The Why: Analysis Reproducibility

Last updated on 2026-02-08 | Edit this page

Overview

Questions

  • Why do we need workflow orchestration in CMS?
  • What are the three pillars of a reusable analysis?
  • Who is the primary beneficiary of a reproducible workflow?

Objectives

  • Identify the “Knowledge Gap” in traditional HEP analyses.
  • Understand the three-step approach to capturing an analysis.
  • Recognize that reproducibility is a labor-saving tool for the analyst, not just a bureaucratic requirement.

The “Bus Factor” in CMS Analysis


In a typical CMS analysis, we move through Data Exploration, Background Modeling, Systematics, and Statistical Fits. Usually, this is handled by a series of disconnected scripts and manual steps.

The problem arises when an analyst moves on or a “Future You” returns to the code six months later:

  • The Environment: What version of CMSSW or Coffea was used?
  • The Logic: Why was this specific histogram used as input for that fit?
  • The Commands: What were the exact arguments passed to the script?

Without a workflow manager, this knowledge is lost, leading to “Scientific Archeology” where we try to dig up our own results.

The Three Pillars of Reusability


To solve this, we think of an analysis in three layers of “Capturing”:

  1. Capture Code & Environment: Use Git for code and Containers (Docker/Apptainer) or Pixi/Conda for the software.

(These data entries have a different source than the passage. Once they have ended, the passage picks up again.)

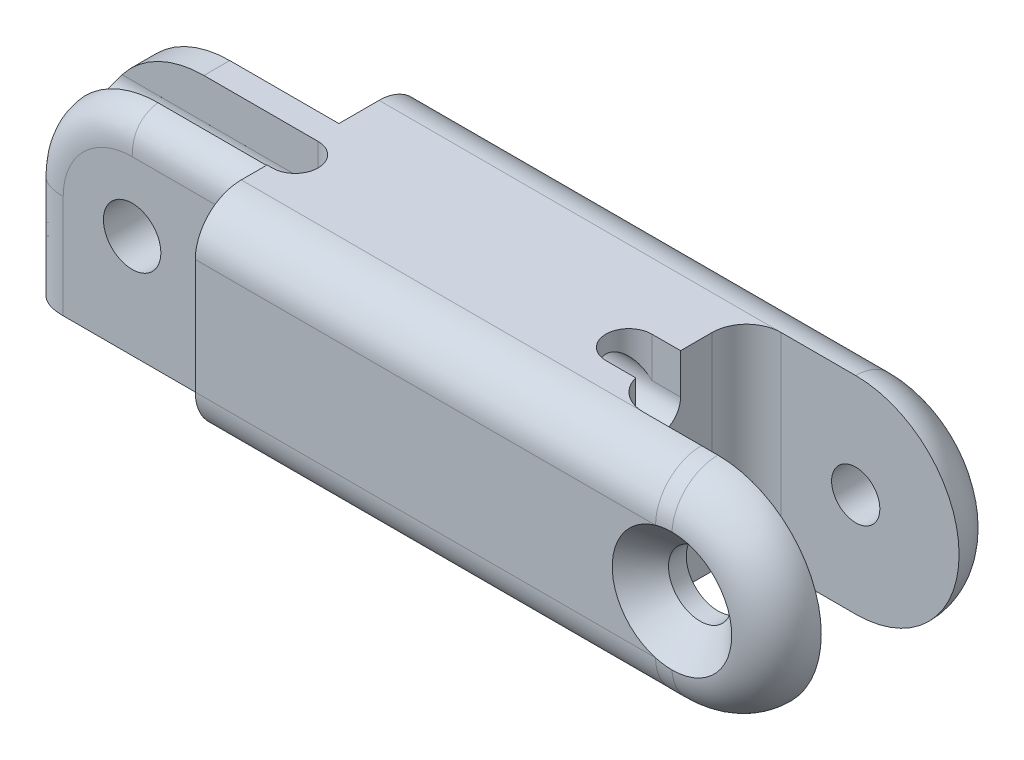
SolidWorks part; units mm, degrees
ref_plane "Front Plane" through (0, 0, 0) normal (0, 0, 1) x (1, 0, 0)
ref_plane "Top Plane" through (0, 0, 0) normal (0, 1, 0) x (1, 0, 0)
ref_plane "Right Plane" through (0, 0, 0) normal (1, 0, 0) x (0, 0, -1)
sketch "Sketch2" plane through (0, 0, 0) normal (0, 1, 0) x (1, 0, 0)
  line L0 (-16, 10) -> (34.5, 10)
  line L1 (34.5, 10) -> (34.5, 6)
  line L2 (34.5, 6) -> (19, 6)
  line L3 (16, 3) -> (16, -3)
  line L4 (19, -6) -> (34.5, -6)
  line L5 (34.5, -6) -> (34.5, -10)
  line L7 (-34.5, -6) -> (-34.5, 2.5)
  line L8 (-49.3622, 0) -> (56.3776, 0) construction
  line L9 (0, 21.2372) -> (0, -19.0689) construction
  line L10 (16, 3) -> (19, 3) construction
  line L11 (19, 3) -> (19, 6) construction
  line L16 (-16, -10) -> (34.5, -10)
  line L18 (-34.5, -6) -> (-16, -6)
  line L19 (-16, -6) -> (-16, -10)
  line L20 (-34.5, 2.5) -> (-16, 2.5)
  line L21 (-16, 2.5) -> (-16, 10)
  arc A0 (19, 6) -> (16, 3) centre (19, 3) ccw
  arc A1 (19, -6) -> (16, -3) centre (19, -3) cw
  point P13 (19, 3)
  dimension "D1" = 69
  dimension "D2" = 20
  dimension "D3" = 4
  dimension "D4" = 18.5
  dimension "D5" = 12
  dimension "D6" = 3
  dimension "D7" = 3
  dimension "D8" = 7.5
  dimension "D9" = 4
  dimension "D10" = 8.5
  dimension "D11" = 18.5
extrude "Boss-Extrude1" add sketch "Sketch2" along normal blind 18
sketch "Sketch5" plane through (0, 0, 10) normal (0, 0, 1) x (1, 0, 0)
  line L0 (-34.5, 9) -> (31.8491, 9) construction
  line L1 (-25.5, 18) -> (-25.5, 0) construction
  line L2 (34.5, 18) -> (34.5, 0) construction
  line L3 (-16, 18) -> (34.5, 18) construction
  line L4 (25.5, 18) -> (25.5, 0) construction
  line L5 (-34.5, 18) -> (-34.5, 0) construction
  line L6 (-34.5, 9) -> (-34.5, 0)
  line L7 (-34.5, 18) -> (-16, 18) construction
  line L8 (-34.5, 0) -> (25.5, 0)
  line L9 (-25.5, 18) -> (25.5, 18)
  arc A0 (-25.5, 18) -> (-34.5, 9) centre (-25.5, 9) ccw
  arc A1 (25.5, 0) -> (25.5, 18) centre (25.5, 9) ccw
  circle A2 centre (-25.5, 9) radius 2.5
  dimension "D2" = 5
  dimension "D1" = 9
extrude "Cut-Extrude1" cut sketch "Sketch5" against normal blind 20 flip side to cut
sketch "Sketch6" plane through (0, 0, 10) normal (0, 0, 1) x (1, 0, 0)
  line L0 (25.5, 0) -> (25.5, 18) construction
  point P4 (25.5, 9)
hole_wizard "CSK for M5 Countersunk Flat Head Screw1" positions "Sketch7" profile "Sketch8" countersink size "M5" standard "DIN" end condition up to next
sketch "Sketch7" plane through (0, 0, 10) normal (0, 0, 1) x (1, 0, 0)
  point P0 (25.5, 9)
sketch "Sketch8" plane through (25.5, 9, 10) normal (1, 0, 0) x (0, -1, 0)
  line L0 (0, 0) -> (0, 4)
  line L1 (0, 4) -> (2.75, 4)
  line L2 (2.75, 4) -> (2.75, 2.45)
  line L3 (2.75, 2.45) -> (5.2, 0)
  line L5 (5.2, 0) -> (0, 0)
  line L6 (-2.75, 2.45) -> (-5.2, 0) construction
  line L11 (0, -6.35) -> (0, 107.95) construction
  dimension "Thru Hole Dia." = 5.5
  dimension "Thru Hole Depth" = 4
  dimension "Near C'Sink Dia." = 10.4
  dimension "Near C'Sink Angle" = 90
hole_wizard "M5 Tapped Hole1" positions "Sketch9" profile "Sketch11" tap size "M5" standard "DIN" end condition through all
sketch "Sketch9" plane through (0, 0, 10) normal (0, 0, 1) x (1, 0, 0)
  point P0 (25.5, 9)
sketch "Sketch11" plane through (25.5, 9, 10) normal (1, 0, 0) x (0, -1, 0)
  line L0 (0, 0) -> (0, 20)
  line L1 (0, 20) -> (2.1, 20)
  line L2 (2.1, 20) -> (2.1, 3.1)
  line L3 (2.1, 3.1) -> (5.2, 0)
  line L5 (5.2, 0) -> (0, 0)
  line L6 (-2.1, 3.1) -> (-5.2, 0) construction
  line L11 (0, -6.35) -> (0, 107.95) construction
  dimension "Thru Tap Drill Dia." = 4.2
  dimension "Thru Tap Drill Depth" = 20
  dimension "Near C'Sink Dia." = 10.4
  dimension "Near C'Sink Angle" = 90
cosmetic thread "Hole Thread1" parameters "D2"=5
fillet "Fillet1" radius 4 2 edges at (4.75, 0, 10) (4.75, 18, 10)
fillet "Fillet2" radius 4 3 edges at (4.75, 0, -10) (34.5, 9, -10) (4.75, 18, -10)
fillet "Fillet3" radius 3 3 edges at (-34.5, 4.5, 6) (-20.75, 18, 6) (-31.864, 15.364, 6) conic rho 0.5
sketch "Sketch13" plane through (16, 0, 0) normal (1, 0, 0) x (0, 0, -1)
  line L0 (-1.75, 21.4915) -> (-1.75, -4.5302) construction
  line L1 (-3, 18) -> (3, 18) construction
  circle A0 centre (-1.75, 14.5) radius 2
  dimension "D2" = 4
  dimension "D3" = 3.5
  dimension "D1" = 1.75
extrude "Cut-Extrude2" cut sketch "Sketch13" against normal through all both and the other way through all
sketch "Sketch14" plane through (0, 18, 0) normal (0, 1, 0) x (1, 0, 0)
  line L0 (-32.6236, 0.2504) -> (-15.5557, 0.2504)
  line L1 (-32.5557, -3.75) -> (-15.5557, -3.75)
  line L3 (-32.5557, -3.75) -> (-32.6236, 0.2504)
  arc A0 (-15.5557, -3.75) -> (-15.5557, 0.2504) centre (-15.5557, -1.7498) ccw
  spline S1 degree 3 poles (-31.0797, -3) (-30.9473, -2.8693) (-30.8242, -2.7233) (-30.6669, -2.4679) (-30.62, -2.3776) (-30.5431, -2.1872) (-30.5127, -2.0851) (-30.4764, -1.8774) (-30.4703, -1.7698) (-30.4841, -1.5572) (-30.5036, -1.4537) (-30.5944, -1.1509) (-30.6934, -0.9724) (-30.9222, -0.6565) (-31.0506, -0.5207) (-31.3219, -0.2789) (-31.4619, -0.1762) (-31.8834, 0.0849) (-32.1717, 0.1991) (-32.5706, 0.2557) (-32.7006, 0.2556) (-32.9459, 0.209) (-33.0594, 0.1634) (-33.269, 0.0188) (-33.3624, -0.0793) (-33.5226, -0.3256) (-33.5911, -0.4779) (-33.6703, -0.7331) (-33.6932, -0.8231) (-33.7322, -1.0133) (-33.7481, -1.1133) (-33.7724, -1.3157) (-33.781, -1.419) (-33.7912, -1.6301) (-33.7926, -1.7379) (-33.7863, -2.055) (-33.7677, -2.2665) (-33.7021, -2.6575) (-33.6546, -2.8399) (-33.5922, -3) knots 0 0 0 0 0.0625 0.0625 0.09375 0.09375 0.125 0.125 0.15625 0.15625 0.1875 0.1875 0.25 0.25 0.3125 0.3125 0.375 0.375 0.5 0.5 0.5625 0.5625 0.625 0.625 0.6875 0.6875 0.75 0.75 0.78125 0.78125 0.8125 0.8125 0.84375 0.84375 0.875 0.875 0.9375 0.9375 1 1 1 1 construction
  spline S2 degree 3 poles (-33.5922, -3) (-33.5381, -3.1387) (-33.4701, -3.2552) (-33.3108, -3.4526) (-33.2195, -3.5323) (-33.0254, -3.6532) (-32.9205, -3.6957) (-32.705, -3.7461) (-32.594, -3.7546) (-32.2507, -3.7337) (-32.0173, -3.6588) (-31.5422, -3.4019) (-31.3092, -3.2263) (-31.0797, -3) knots 0 0 0 0 0.125 0.125 0.25 0.25 0.375 0.375 0.5 0.5 0.75 0.75 1 1 1 1 construction
  dimension "D2" = 2.0002
  dimension "D1" = 17
extrude "Cut-Extrude3" cut sketch "Sketch14" against normal blind 3.5
sketch "Sketch15" plane through (0, 18, 0) normal (0, 1, 0) x (1, 0, 0)
sketch "Sketch16" plane through (0, 18, 0) normal (0, 1, 0) x (1, 0, 0)
  line L0 (-8.0769, -1.75) -> (29.6251, -1.75) construction
  line L1 (13.5, 0.25) -> (19.0559, 0.25)
  line L3 (13.5, -3.75) -> (19.0559, -3.75)
  line L4 (19.0559, 0.25) -> (19.0559, -3.75)
  line L5 (16, -3) -> (16, 3) construction
  arc A0 (13.5, 0.25) -> (13.5, -3.75) centre (13.5, -1.75) ccw
  dimension "D2" = 4
  dimension "D1" = 1.75
  dimension "D3" = 2.5
extrude "Cut-Extrude4" cut sketch "Sketch16" against normal blind 3.5

This ensures the “Kitchen” is always the same.
  2. Capture Commands: Move away from manual terminal commands. Use a script or a rule that explicitly states how to run the code.
  3. Capture Workflow: This is the “Glue.” We define the relationship between steps. This is where Snakemake comes in.

Why should you care?


You might think: “Reproducibility is for the collaboration, but I’m just trying to graduate.”

Actually, the first person to benefit from a reproducible workflow is you.

  • The “Re-discovery” Phase: During the CMS review process (ARC), you will inevitably be asked to change a systematic or re-run a plot with new data. A Snakemake workflow allows you to do this by changing one line and typing one command.
  • Automation: Instead of waiting for Step A to finish so you can manually start Step B, you can launch the whole chain and go get coffee.
Challenge

Who is the most frequent user of your analysis code?

Future You. Six months from now, when you have to re-run your plots for a conference or a paper revision, you will thank “Past You” for writing a Snakefile instead of a 20-page README.

Key Points
  • Modern CMS analysis is too complex to be managed by memory or manual scripts.
  • Reproducibility is a productivity tool: it makes your own work easier to revise and update.
  • Capturing the Workflow (the “Glue”) is the final step in ensuring an analysis is truly reusable.